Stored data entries
-- Opening Marker --
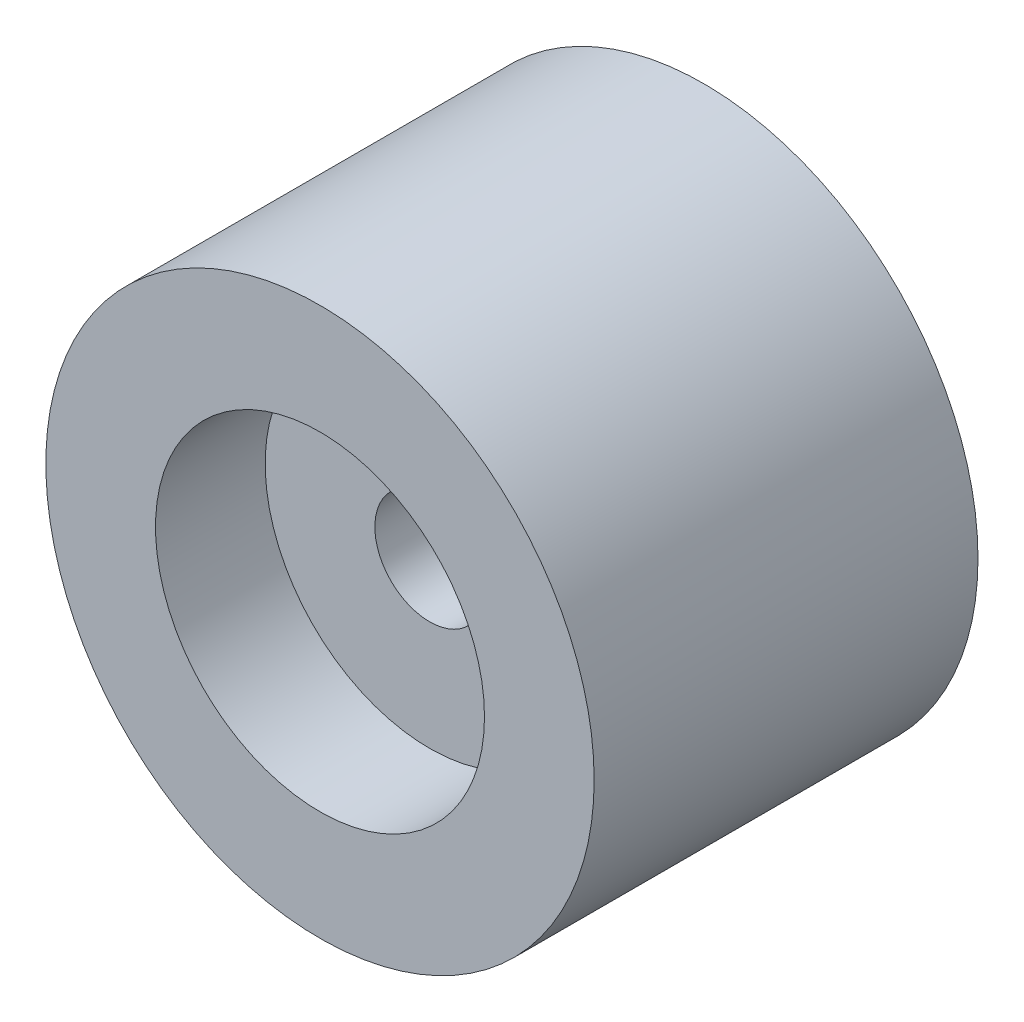
from build123d import *

# Parameters (mm, degrees)
SKETCH1_R           = 100
BOSS_EXTRUDE1_DEPTH = 140
SKETCH2_R           = 60
CUT_EXTRUDE1_DEPTH  = 40
SKETCH4_R           = 20
CUT_EXTRUDE2_DEPTH  = 80


with BuildPart() as part:
    # Sketch1 → Boss-Extrude1 (new body)
    with BuildSketch(Plane.XY):
        Circle(SKETCH1_R)
    extrude(amount=BOSS_EXTRUDE1_DEPTH)

    # Sketch2 → Cut-Extrude1 (cut)
    with BuildSketch(Plane.XY.offset(140)):
        Circle(SKETCH2_R)
    extrude(amount=-CUT_EXTRUDE1_DEPTH, mode=Mode.SUBTRACT)

    # Sketch4 → Cut-Extrude2 (cut)
    with BuildSketch(Plane.XY.offset(100)):
        Circle(SKETCH4_R)
    extrude(amount=-CUT_EXTRUDE2_DEPTH, mode=Mode.SUBTRACT)


solid = part.part
-- Closing Marker --
Show every line above in which the word "Circle" appears.

        Circle(SKETCH1_R)
        Circle(SKETCH2_R)
        Circle(SKETCH4_R)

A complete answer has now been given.